Editorial
La lucha interminable contra el yihadismo
Occidente libra una lucha interminable contra el yihadismo que se alimenta de una multiplicidad de redes de adoctrinamiento, financiadas por docenas de grupos, gobiernos e instituciones vinculadas al rigorismo más extremo del islam.
Desde los terribles atentados del 11 de marzo de 2004, las Fuerzas de Seguridad del Estado han detenido a un total de 1.088 terroristas islámicos y han desarticulado un centenar de células islamistas, la mayoría en proceso de organización. En el resto de Europa, con cifras a partir de 2010, han sido alrededor de 5.000 los presuntos terroristas islamistas capturados, la mayor parte, también, antes de que pudieran actuar. Es, pues, un hecho que el intenso trabajo policial, la colaboración internacional y la concienciación de la ciudadanía han llevado a niveles de alta eficacia la guerra contra un tipo de terrorismo que, salvo excepciones, no responde a los cánones clásicos de las organizaciones criminales, sino que se sirve de individuos que actúan de acuerdo a instrucciones genéricas difundidas por las redes sociales, sin coordinación y sin redes de apoyo.
El mismo número de las detenciones practicadas dan cuenta de la magnitud de la amenaza a la que están sometidas las sociedades occidentales y de la dificultad objetiva de los cuerpos policiales para operar preventivamente contra unos asesinos sin vinculación previa con grupos terroristas y que se albergan en el seno de las comunidades de inmigrantes de origen musulmán, que en su inmensa mayoría rechazan el terrorismo, más si se escuda tras justificaciones religiosas.
Perfiles como los del autor de los ataques de Algeciras del pasado miércoles, o del que cometió el mismo día el asesinato a puñaladas de dos viajeros en un tren al norte de Alemania, se repiten con frecuencia: inmigrantes inadaptados, en situación de marginalidad, con problemas penales previos y procesos de radicalización rápidos, generalmente a través de internet, a veces, influidos por la acción de imanes extremistas, en centros de oración salafistas en condiciones de semiclandestinidad.
Valgan estas consideraciones para, sin ánimo de minusvalorar la tragedia ni las responsabilidades institucionales a que haya lugar, poner en su justa medida circunstancias como la orden incumplida de expulsión que pesaba desde hace meses sobre el asesino. No es sólo que los procedimientos de expulsión sufran un colapso administrativo, con cientos de miles de órdenes pendientes, sino que el autor de los apuñalamientos no estaba en el radar de las brigadas especializadas en terrorismo islamista porque no había dado motivo a sospecha alguna.

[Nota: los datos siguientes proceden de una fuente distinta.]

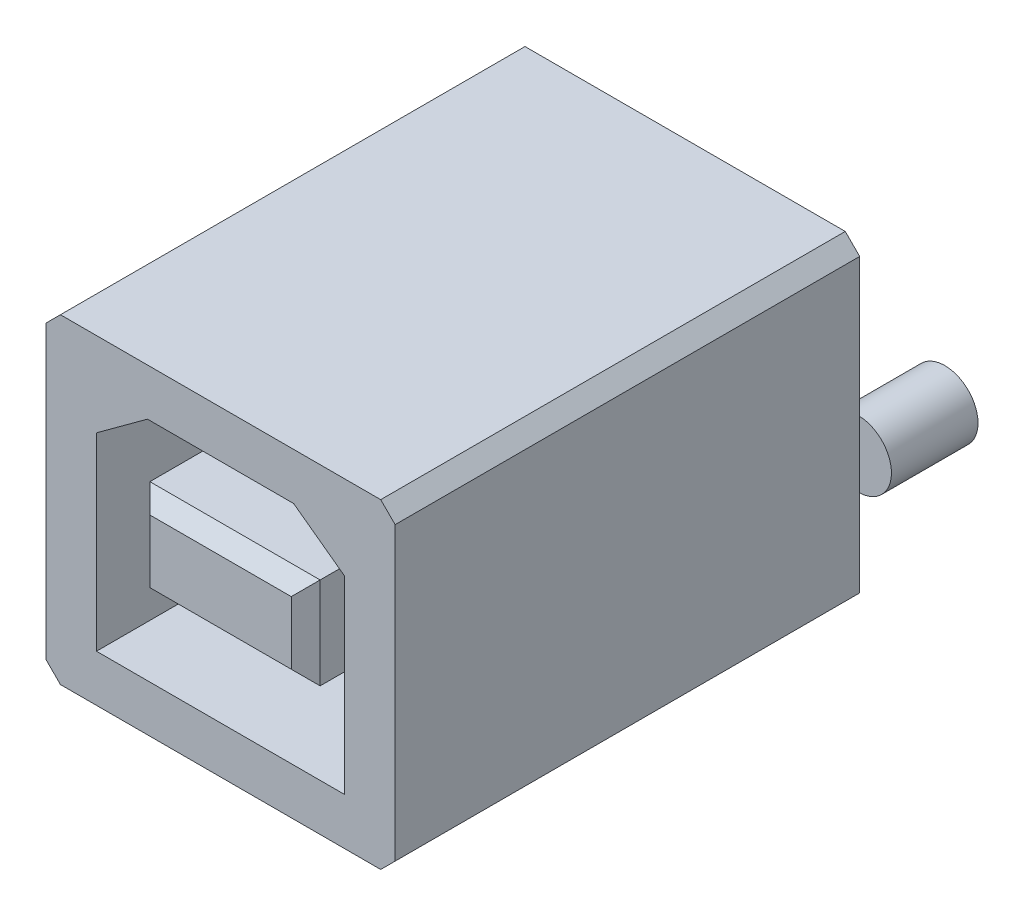
ISO-10303-21;
HEADER;
FILE_DESCRIPTION(('STEP AP214'),'2;1');
FILE_NAME('part.step','',(''),(''),'','','');
FILE_SCHEMA(('AUTOMOTIVE_DESIGN { 1 0 10303 214 1 1 1 1 }'));
ENDSEC;
DATA;
#1=APPLICATION_CONTEXT('core data for automotive mechanical design processes');
#2=APPLICATION_PROTOCOL_DEFINITION('international standard','automotive_design',2000,#1);
#3=PRODUCT_CONTEXT('',#1,'mechanical');
#4=PRODUCT('Part','Part','',(#3));
#5=PRODUCT_RELATED_PRODUCT_CATEGORY('part','',(#4));
#6=PRODUCT_DEFINITION_FORMATION('','',#4);
#7=PRODUCT_DEFINITION_CONTEXT('part definition',#1,'design');
#8=PRODUCT_DEFINITION('design','',#6,#7);
#9=PRODUCT_DEFINITION_SHAPE('','',#8);
#10=(LENGTH_UNIT() NAMED_UNIT(*) SI_UNIT(.MILLI.,.METRE.));
#11=(NAMED_UNIT(*) PLANE_ANGLE_UNIT() SI_UNIT($,.RADIAN.));
#12=(NAMED_UNIT(*) SI_UNIT($,.STERADIAN.) SOLID_ANGLE_UNIT());
#13=UNCERTAINTY_MEASURE_WITH_UNIT(LENGTH_MEASURE(1.E-05),#10,'distance_accuracy_value','');
#14=(GEOMETRIC_REPRESENTATION_CONTEXT(3) GLOBAL_UNCERTAINTY_ASSIGNED_CONTEXT((#13)) GLOBAL_UNIT_ASSIGNED_CONTEXT((#10,
#11,#12)) REPRESENTATION_CONTEXT('',''));
#15=CARTESIAN_POINT('',(0.,0.,0.));
#16=DIRECTION('',(0.,0.,1.));
#17=DIRECTION('',(1.,0.,0.));
#18=AXIS2_PLACEMENT_3D('',#15,#16,#17);
#19=CARTESIAN_POINT('',(0.,0.,16.1));
#20=DIRECTION('',(0.,0.,-1.));
#21=DIRECTION('',(-1.,0.,0.));
#22=AXIS2_PLACEMENT_3D('',#19,#20,#21);
#23=PLANE('',#22);
#24=DIRECTION('',(1.,0.,0.));
#25=VECTOR('',#24,1.);
#26=CARTESIAN_POINT('',(0.,-1.09,16.1));
#27=LINE('',#26,#25);
#28=CARTESIAN_POINT('',(2.45,-1.09,16.1));
#29=VERTEX_POINT('',#28);
#30=CARTESIAN_POINT('',(-2.45,-1.09,16.1));
#31=VERTEX_POINT('',#30);
#32=EDGE_CURVE('E359',#29,#31,#27,.F.);
#33=ORIENTED_EDGE('',*,*,#32,.F.);
#34=DIRECTION('',(0.,1.,0.));
#35=VECTOR('',#34,1.);
#36=CARTESIAN_POINT('',(2.45,0.,16.1));
#37=LINE('',#36,#35);
#38=CARTESIAN_POINT('',(2.45,1.09,16.1));
#39=VERTEX_POINT('',#38);
#40=EDGE_CURVE('E354',#39,#29,#37,.F.);
#41=ORIENTED_EDGE('',*,*,#40,.F.);
#42=DIRECTION('',(1.,0.,0.));
#43=VECTOR('',#42,1.);
#44=CARTESIAN_POINT('',(0.,1.09,16.1));
#45=LINE('',#44,#43);
#46=CARTESIAN_POINT('',(-2.45,1.09,16.1));
#47=VERTEX_POINT('',#46);
#48=EDGE_CURVE('E369',#47,#39,#45,.T.);
#49=ORIENTED_EDGE('',*,*,#48,.F.);
#50=DIRECTION('',(0.,1.,0.));
#51=VECTOR('',#50,1.);
#52=CARTESIAN_POINT('',(-2.45,0.,16.1));
#53=LINE('',#52,#51);
#54=EDGE_CURVE('E364',#31,#47,#53,.T.);
#55=ORIENTED_EDGE('',*,*,#54,.F.);
#56=EDGE_LOOP('',(#33,#41,#49,#55));
#57=FACE_BOUND('',#56,.T.);
#58=ADVANCED_FACE('F16',(#57),#23,.F.);
#59=CARTESIAN_POINT('',(0.,1.09,16.1));
#60=DIRECTION('',(0.,0.707106781186548,0.707106781186548));
#61=DIRECTION('',(0.,-0.707106781186548,0.707106781186548));
#62=AXIS2_PLACEMENT_3D('',#59,#60,#61);
#63=PLANE('',#62);
#64=DIRECTION('',(-0.577350269189626,0.577350269189624,-0.577350269189626));
#65=VECTOR('',#64,1.);
#66=CARTESIAN_POINT('',(-2.45,1.09,16.1));
#67=LINE('',#66,#65);
#68=CARTESIAN_POINT('',(-2.95,1.59,15.6));
#69=VERTEX_POINT('',#68);
#70=EDGE_CURVE('E367',#47,#69,#67,.T.);
#71=ORIENTED_EDGE('',*,*,#70,.F.);
#72=ORIENTED_EDGE('',*,*,#48,.T.);
#73=DIRECTION('',(-0.577350269189626,-0.577350269189624,0.577350269189626));
#74=VECTOR('',#73,1.);
#75=CARTESIAN_POINT('',(2.95,1.59,15.6));
#76=LINE('',#75,#74);
#77=CARTESIAN_POINT('',(2.95,1.59,15.6));
#78=VERTEX_POINT('',#77);
#79=EDGE_CURVE('E356',#78,#39,#76,.T.);
#80=ORIENTED_EDGE('',*,*,#79,.F.);
#81=DIRECTION('',(1.,0.,0.));
#82=VECTOR('',#81,1.);
#83=CARTESIAN_POINT('',(-2.95,1.59,15.6));
#84=LINE('',#83,#82);
#85=EDGE_CURVE('E350',#69,#78,#84,.T.);
#86=ORIENTED_EDGE('',*,*,#85,.F.);
#87=EDGE_LOOP('',(#71,#72,#80,#86));
#88=FACE_BOUND('',#87,.T.);
#89=ADVANCED_FACE('F772',(#88),#63,.T.);
#90=CARTESIAN_POINT('',(-2.45,0.,16.1));
#91=DIRECTION('',(-0.707106781186548,0.,0.707106781186548));
#92=DIRECTION('',(0.707106781186548,0.,0.707106781186548));
#93=AXIS2_PLACEMENT_3D('',#90,#91,#92);
#94=PLANE('',#93);
#95=DIRECTION('',(-0.577350269189625,-0.577350269189626,-0.577350269189626));
#96=VECTOR('',#95,1.);
#97=CARTESIAN_POINT('',(-2.45,-1.09,16.1));
#98=LINE('',#97,#96);
#99=CARTESIAN_POINT('',(-2.95,-1.59,15.6));
#100=VERTEX_POINT('',#99);
#101=EDGE_CURVE('E362',#31,#100,#98,.T.);
#102=ORIENTED_EDGE('',*,*,#101,.F.);
#103=ORIENTED_EDGE('',*,*,#54,.T.);
#104=ORIENTED_EDGE('',*,*,#70,.T.);
#105=DIRECTION('',(0.,1.,0.));
#106=VECTOR('',#105,1.);
#107=CARTESIAN_POINT('',(-2.95,1.59,15.6));
#108=LINE('',#107,#106);
#109=EDGE_CURVE('E347',#100,#69,#108,.T.);
#110=ORIENTED_EDGE('',*,*,#109,.F.);
#111=EDGE_LOOP('',(#102,#103,#104,#110));
#112=FACE_BOUND('',#111,.T.);
#113=ADVANCED_FACE('F763',(#112),#94,.T.);
#114=CARTESIAN_POINT('',(0.,-1.09,16.1));
#115=DIRECTION('',(0.,-0.707106781186548,0.707106781186548));
#116=DIRECTION('',(0.,-0.707106781186548,-0.707106781186548));
#117=AXIS2_PLACEMENT_3D('',#114,#115,#116);
#118=PLANE('',#117);
#119=DIRECTION('',(0.577350269189626,-0.577350269189624,-0.577350269189626));
#120=VECTOR('',#119,1.);
#121=CARTESIAN_POINT('',(2.45,-1.09,16.1));
#122=LINE('',#121,#120);
#123=CARTESIAN_POINT('',(2.95,-1.59,15.6));
#124=VERTEX_POINT('',#123);
#125=EDGE_CURVE('E352',#29,#124,#122,.T.);
#126=ORIENTED_EDGE('',*,*,#125,.F.);
#127=ORIENTED_EDGE('',*,*,#32,.T.);
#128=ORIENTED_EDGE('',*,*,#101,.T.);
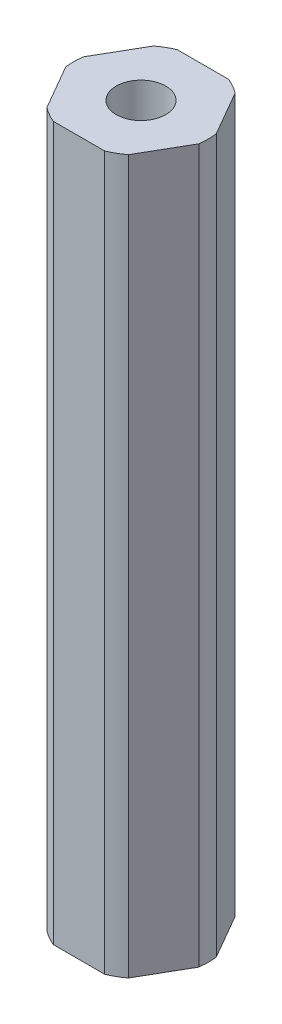
ISO-10303-21;
HEADER;
FILE_DESCRIPTION(('STEP AP214'),'2;1');
FILE_NAME('part.step','',(''),(''),'','','');
FILE_SCHEMA(('AUTOMOTIVE_DESIGN { 1 0 10303 214 1 1 1 1 }'));
ENDSEC;
DATA;
#1=APPLICATION_CONTEXT('core data for automotive mechanical design processes');
#2=APPLICATION_PROTOCOL_DEFINITION('international standard','automotive_design',2000,#1);
#3=PRODUCT_CONTEXT('',#1,'mechanical');
#4=PRODUCT('Part','Part','',(#3));
#5=PRODUCT_RELATED_PRODUCT_CATEGORY('part','',(#4));
#6=PRODUCT_DEFINITION_FORMATION('','',#4);
#7=PRODUCT_DEFINITION_CONTEXT('part definition',#1,'design');
#8=PRODUCT_DEFINITION('design','',#6,#7);
#9=PRODUCT_DEFINITION_SHAPE('','',#8);
#10=(LENGTH_UNIT() NAMED_UNIT(*) SI_UNIT(.MILLI.,.METRE.));
#11=(NAMED_UNIT(*) PLANE_ANGLE_UNIT() SI_UNIT($,.RADIAN.));
#12=(NAMED_UNIT(*) SI_UNIT($,.STERADIAN.) SOLID_ANGLE_UNIT());
#13=UNCERTAINTY_MEASURE_WITH_UNIT(LENGTH_MEASURE(1.E-05),#10,'distance_accuracy_value','');
#14=(GEOMETRIC_REPRESENTATION_CONTEXT(3) GLOBAL_UNCERTAINTY_ASSIGNED_CONTEXT((#13)) GLOBAL_UNIT_ASSIGNED_CONTEXT((#10,
#11,#12)) REPRESENTATION_CONTEXT('',''));
#15=CARTESIAN_POINT('',(0.,0.,0.));
#16=DIRECTION('',(0.,0.,1.));
#17=DIRECTION('',(1.,0.,0.));
#18=AXIS2_PLACEMENT_3D('',#15,#16,#17);
#19=CARTESIAN_POINT('',(0.,73.025,0.));
#20=DIRECTION('',(0.,1.,0.));
#21=DIRECTION('',(0.,0.,1.));
#22=AXIS2_PLACEMENT_3D('',#19,#20,#21);
#23=PLANE('',#22);
#24=CARTESIAN_POINT('',(0.,73.025,0.));
#25=DIRECTION('',(0.,1.,0.));
#26=DIRECTION('',(0.,0.,1.));
#27=AXIS2_PLACEMENT_3D('',#24,#25,#26);
#28=CIRCLE('',#27,6.875);
#29=CARTESIAN_POINT('',(2.63498102459961,73.025,6.35));
#30=VERTEX_POINT('',#29);
#31=CARTESIAN_POINT('',(4.18177080173138,73.025,5.45696050579321));
#32=VERTEX_POINT('',#31);
#33=EDGE_CURVE('E178',#30,#32,#28,.T.);
#34=ORIENTED_EDGE('',*,*,#33,.T.);
#35=DIRECTION('',(0.5,0.,-0.866025403784439));
#36=VECTOR('',#35,1.);
#37=CARTESIAN_POINT('',(4.18177080173138,73.025,5.45696050579321));
#38=LINE('',#37,#36);
#39=CARTESIAN_POINT('',(6.81675182633099,73.025,0.893039494206785));
#40=VERTEX_POINT('',#39);
#41=EDGE_CURVE('E106',#32,#40,#38,.T.);
#42=ORIENTED_EDGE('',*,*,#41,.T.);
#43=CARTESIAN_POINT('',(0.,73.025,0.));
#44=DIRECTION('',(0.,1.,0.));
#45=DIRECTION('',(0.,0.,1.));
#46=AXIS2_PLACEMENT_3D('',#43,#44,#45);
#47=CIRCLE('',#46,6.875);
#48=CARTESIAN_POINT('',(6.81675182633099,73.025,-0.893039494206791));
#49=VERTEX_POINT('',#48);
#50=EDGE_CURVE('E205',#40,#49,#47,.T.);
#51=ORIENTED_EDGE('',*,*,#50,.T.);
#52=DIRECTION('',(-0.5,0.,-0.866025403784438));
#53=VECTOR('',#52,1.);
#54=CARTESIAN_POINT('',(6.81675182633099,73.025,-0.893039494206792));
#55=LINE('',#54,#53);
#56=CARTESIAN_POINT('',(4.18177080173138,73.025,-5.45696050579321));
#57=VERTEX_POINT('',#56);
#58=EDGE_CURVE('E224',#49,#57,#55,.T.);
#59=ORIENTED_EDGE('',*,*,#58,.T.);
#60=CARTESIAN_POINT('',(0.,73.025,0.));
#61=DIRECTION('',(0.,1.,0.));
#62=DIRECTION('',(0.,0.,1.));
#63=AXIS2_PLACEMENT_3D('',#60,#61,#62);
#64=CIRCLE('',#63,6.875);
#65=CARTESIAN_POINT('',(2.63498102459961,73.025,-6.35));
#66=VERTEX_POINT('',#65);
#67=EDGE_CURVE('E221',#57,#66,#64,.T.);
#68=ORIENTED_EDGE('',*,*,#67,.T.);
#69=DIRECTION('',(-1.,0.,0.));
#70=VECTOR('',#69,1.);
#71=CARTESIAN_POINT('',(2.63498102459961,73.025,-6.35));
#72=LINE('',#71,#70);
#73=CARTESIAN_POINT('',(-2.63498102459961,73.025,-6.35));
#74=VERTEX_POINT('',#73);
#75=EDGE_CURVE('E223',#66,#74,#72,.T.);
#76=ORIENTED_EDGE('',*,*,#75,.T.);
#77=CARTESIAN_POINT('',(0.,73.025,0.));
#78=DIRECTION('',(0.,1.,0.));
#79=DIRECTION('',(0.,0.,1.));
#80=AXIS2_PLACEMENT_3D('',#77,#78,#79);
#81=CIRCLE('',#80,6.875);
#82=CARTESIAN_POINT('',(-4.18177080173138,73.025,-5.45696050579321));
#83=VERTEX_POINT('',#82);
#84=EDGE_CURVE('E226',#74,#83,#81,.T.);
#85=ORIENTED_EDGE('',*,*,#84,.T.);
#86=DIRECTION('',(-0.5,0.,0.866025403784439));
#87=VECTOR('',#86,1.);
#88=CARTESIAN_POINT('',(-4.18177080173138,73.025,-5.45696050579321));
#89=LINE('',#88,#87);
#90=CARTESIAN_POINT('',(-6.81675182633099,73.025,-0.893039494206784));
#91=VERTEX_POINT('',#90);
#92=EDGE_CURVE('E232',#83,#91,#89,.T.);
#93=ORIENTED_EDGE('',*,*,#92,.T.);
#94=CARTESIAN_POINT('',(0.,73.025,0.));
#95=DIRECTION('',(0.,1.,0.));
#96=DIRECTION('',(0.,0.,1.));
#97=AXIS2_PLACEMENT_3D('',#94,#95,#96);
#98=CIRCLE('',#97,6.875);
#99=CARTESIAN_POINT('',(-6.81675182633099,73.025,0.893039494206785));
#100=VERTEX_POINT('',#99);
#101=EDGE_CURVE('E137',#91,#100,#98,.T.);
#102=ORIENTED_EDGE('',*,*,#101,.T.);
#103=DIRECTION('',(0.5,0.,0.866025403784438));
#104=VECTOR('',#103,1.);
#105=CARTESIAN_POINT('',(-6.81675182633099,73.025,0.893039494206786));
#106=LINE('',#105,#104);
#107=CARTESIAN_POINT('',(-4.18177080173137,73.025,5.45696050579321));
#108=VERTEX_POINT('',#107);
#109=EDGE_CURVE('E131',#100,#108,#106,.T.);
#110=ORIENTED_EDGE('',*,*,#109,.T.);
#111=CARTESIAN_POINT('',(0.,73.025,0.));
#112=DIRECTION('',(0.,1.,0.));
#113=DIRECTION('',(0.,0.,1.));
#114=AXIS2_PLACEMENT_3D('',#111,#112,#113);
#115=CIRCLE('',#114,6.875);
#116=CARTESIAN_POINT('',(-2.63498102459961,73.025,6.35));
#117=VERTEX_POINT('',#116);
#118=EDGE_CURVE('E135',#108,#117,#115,.T.);
#119=ORIENTED_EDGE('',*,*,#118,.T.);
#120=DIRECTION('',(1.,0.,0.));
#121=VECTOR('',#120,1.);
#122=CARTESIAN_POINT('',(-2.63498102459961,73.025,6.35));
#123=LINE('',#122,#121);
#124=EDGE_CURVE('E51',#117,#30,#123,.T.);
#125=ORIENTED_EDGE('',*,*,#124,.T.);
#126=EDGE_LOOP('',(#34,#42,#51,#59,#68,#76,#85,#93,#102,#110,#119,#125));
#127=FACE_BOUND('',#126,.T.);
#128=CARTESIAN_POINT('',(0.,73.025,0.));
#129=DIRECTION('',(0.,1.,0.));
#130=DIRECTION('',(0.,0.,1.));
#131=AXIS2_PLACEMENT_3D('',#128,#129,#130);
#132=CIRCLE('',#131,2.54);
#133=CARTESIAN_POINT('',(0.,73.025,2.54));
#134=VERTEX_POINT('',#133);
#135=EDGE_CURVE('E159',#134,#134,#132,.T.);
#136=ORIENTED_EDGE('',*,*,#135,.F.);
#137=EDGE_LOOP('',(#136));
#138=FACE_BOUND('',#137,.T.);
#139=ADVANCED_FACE('F34',(#127,#138),#23,.T.);
#140=CARTESIAN_POINT('',(0.,0.,0.));
#141=DIRECTION('',(0.,1.,0.));
#142=DIRECTION('',(0.,0.,1.));
#143=AXIS2_PLACEMENT_3D('',#140,#141,#142);
#144=PLANE('',#143);
#145=CARTESIAN_POINT('',(0.,0.,0.));
#146=DIRECTION('',(0.,1.,0.));
#147=DIRECTION('',(0.,0.,1.));
#148=AXIS2_PLACEMENT_3D('',#145,#146,#147);
#149=CIRCLE('',#148,6.875);
#150=CARTESIAN_POINT('',(2.63498102459961,0.,6.35));
#151=VERTEX_POINT('',#150);
#152=CARTESIAN_POINT('',(4.18177080173138,0.,5.45696050579321));
#153=VERTEX_POINT('',#152);
#154=EDGE_CURVE('E155',#151,#153,#149,.T.);
#155=ORIENTED_EDGE('',*,*,#154,.F.);
#156=DIRECTION('',(1.,0.,0.));
#157=VECTOR('',#156,1.);
#158=CARTESIAN_POINT('',(-2.63498102459961,0.,6.35));
#159=LINE('',#158,#157);
#160=CARTESIAN_POINT('',(-2.63498102459961,0.,6.35));
#161=VERTEX_POINT('',#160);
#162=EDGE_CURVE('E98',#161,#151,#159,.T.);
#163=ORIENTED_EDGE('',*,*,#162,.F.);
#164=CARTESIAN_POINT('',(0.,0.,0.));
#165=DIRECTION('',(0.,1.,0.));
#166=DIRECTION('',(0.,0.,1.));
#167=AXIS2_PLACEMENT_3D('',#164,#165,#166);
#168=CIRCLE('',#167,6.875);
#169=CARTESIAN_POINT('',(-4.18177080173137,0.,5.45696050579321));
#170=VERTEX_POINT('',#169);
#171=EDGE_CURVE('E92',#170,#161,#168,.T.);
#172=ORIENTED_EDGE('',*,*,#171,.F.);
#173=DIRECTION('',(0.5,0.,0.866025403784438));
#174=VECTOR('',#173,1.);
#175=CARTESIAN_POINT('',(-6.81675182633099,0.,0.893039494206786));
#176=LINE('',#175,#174);
#177=CARTESIAN_POINT('',(-6.81675182633099,0.,0.893039494206785));
#178=VERTEX_POINT('',#177);
#179=EDGE_CURVE('E145',#178,#170,#176,.T.);
#180=ORIENTED_EDGE('',*,*,#179,.F.);
#181=CARTESIAN_POINT('',(0.,0.,0.));
#182=DIRECTION('',(0.,1.,0.));
#183=DIRECTION('',(0.,0.,1.));
#184=AXIS2_PLACEMENT_3D('',#181,#182,#183);
#185=CIRCLE('',#184,6.875);
#186=CARTESIAN_POINT('',(-6.81675182633099,0.,-0.893039494206784));
#187=VERTEX_POINT('',#186);
#188=EDGE_CURVE('E173',#187,#178,#185,.T.);
#189=ORIENTED_EDGE('',*,*,#188,.F.);
#190=DIRECTION('',(-0.5,0.,0.866025403784439));
#191=VECTOR('',#190,1.);
#192=CARTESIAN_POINT('',(-4.18177080173138,0.,-5.45696050579321));
#193=LINE('',#192,#191);
#194=CARTESIAN_POINT('',(-4.18177080173138,0.,-5.45696050579321));
#195=VERTEX_POINT('',#194);
#196=EDGE_CURVE('E171',#195,#187,#193,.T.);
#197=ORIENTED_EDGE('',*,*,#196,.F.);
#198=CARTESIAN_POINT('',(0.,0.,0.));
#199=DIRECTION('',(0.,1.,0.));
#200=DIRECTION('',(0.,0.,1.));
#201=AXIS2_PLACEMENT_3D('',#198,#199,#200);
#202=CIRCLE('',#201,6.875);
#203=CARTESIAN_POINT('',(-2.63498102459961,0.,-6.35));
#204=VERTEX_POINT('',#203);
#205=EDGE_CURVE('E169',#204,#195,#202,.T.);
#206=ORIENTED_EDGE('',*,*,#205,.F.);
#207=DIRECTION('',(-1.,0.,0.));
#208=VECTOR('',#207,1.);
#209=CARTESIAN_POINT('',(2.63498102459961,0.,-6.35));
#210=LINE('',#209,#208);
#211=CARTESIAN_POINT('',(2.63498102459961,0.,-6.35));
#212=VERTEX_POINT('',#211);
#213=EDGE_CURVE('E167',#212,#204,#210,.T.);
#214=ORIENTED_EDGE('',*,*,#213,.F.);
#215=CARTESIAN_POINT('',(0.,0.,0.));
#216=DIRECTION('',(0.,1.,0.));
#217=DIRECTION('',(0.,0.,1.));
#218=AXIS2_PLACEMENT_3D('',#215,#216,#217);
#219=CIRCLE('',#218,6.875);
#220=CARTESIAN_POINT('',(4.18177080173138,0.,-5.45696050579321));
#221=VERTEX_POINT('',#220);
#222=EDGE_CURVE('E165',#221,#212,#219,.T.);
#223=ORIENTED_EDGE('',*,*,#222,.F.);
#224=DIRECTION('',(-0.5,0.,-0.866025403784438));
#225=VECTOR('',#224,1.);
#226=CARTESIAN_POINT('',(6.81675182633099,0.,-0.893039494206792));
#227=LINE('',#226,#225);
#228=CARTESIAN_POINT('',(6.81675182633099,0.,-0.893039494206791));
#229=VERTEX_POINT('',#228);
#230=EDGE_CURVE('E163',#229,#221,#227,.T.);
#231=ORIENTED_EDGE('',*,*,#230,.F.);
#232=CARTESIAN_POINT('',(0.,0.,0.));
#233=DIRECTION('',(0.,1.,0.));
#234=DIRECTION('',(0.,0.,1.));
#235=AXIS2_PLACEMENT_3D('',#232,#233,#234);
#236=CIRCLE('',#235,6.875);
#237=CARTESIAN_POINT('',(6.81675182633099,0.,0.893039494206785));
#238=VERTEX_POINT('',#237);
#239=EDGE_CURVE('E161',#238,#229,#236,.T.);
#240=ORIENTED_EDGE('',*,*,#239,.F.);
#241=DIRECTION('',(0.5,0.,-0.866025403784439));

La cruda realidad es que Occidente libra una lucha interminable contra el yihadismo, sin líneas de frente ni enemigo reconocible, que se alimenta de una multiplicidad de redes de adoctrinamiento, financiadas por docenas de grupos, gobiernos e instituciones vinculadas al rigorismo más extremo del islam. Es una tarea ímproba, que se lleva a cabo día a día, que consigue reducir la amenaza, pero que no garantiza la seguridad absoluta.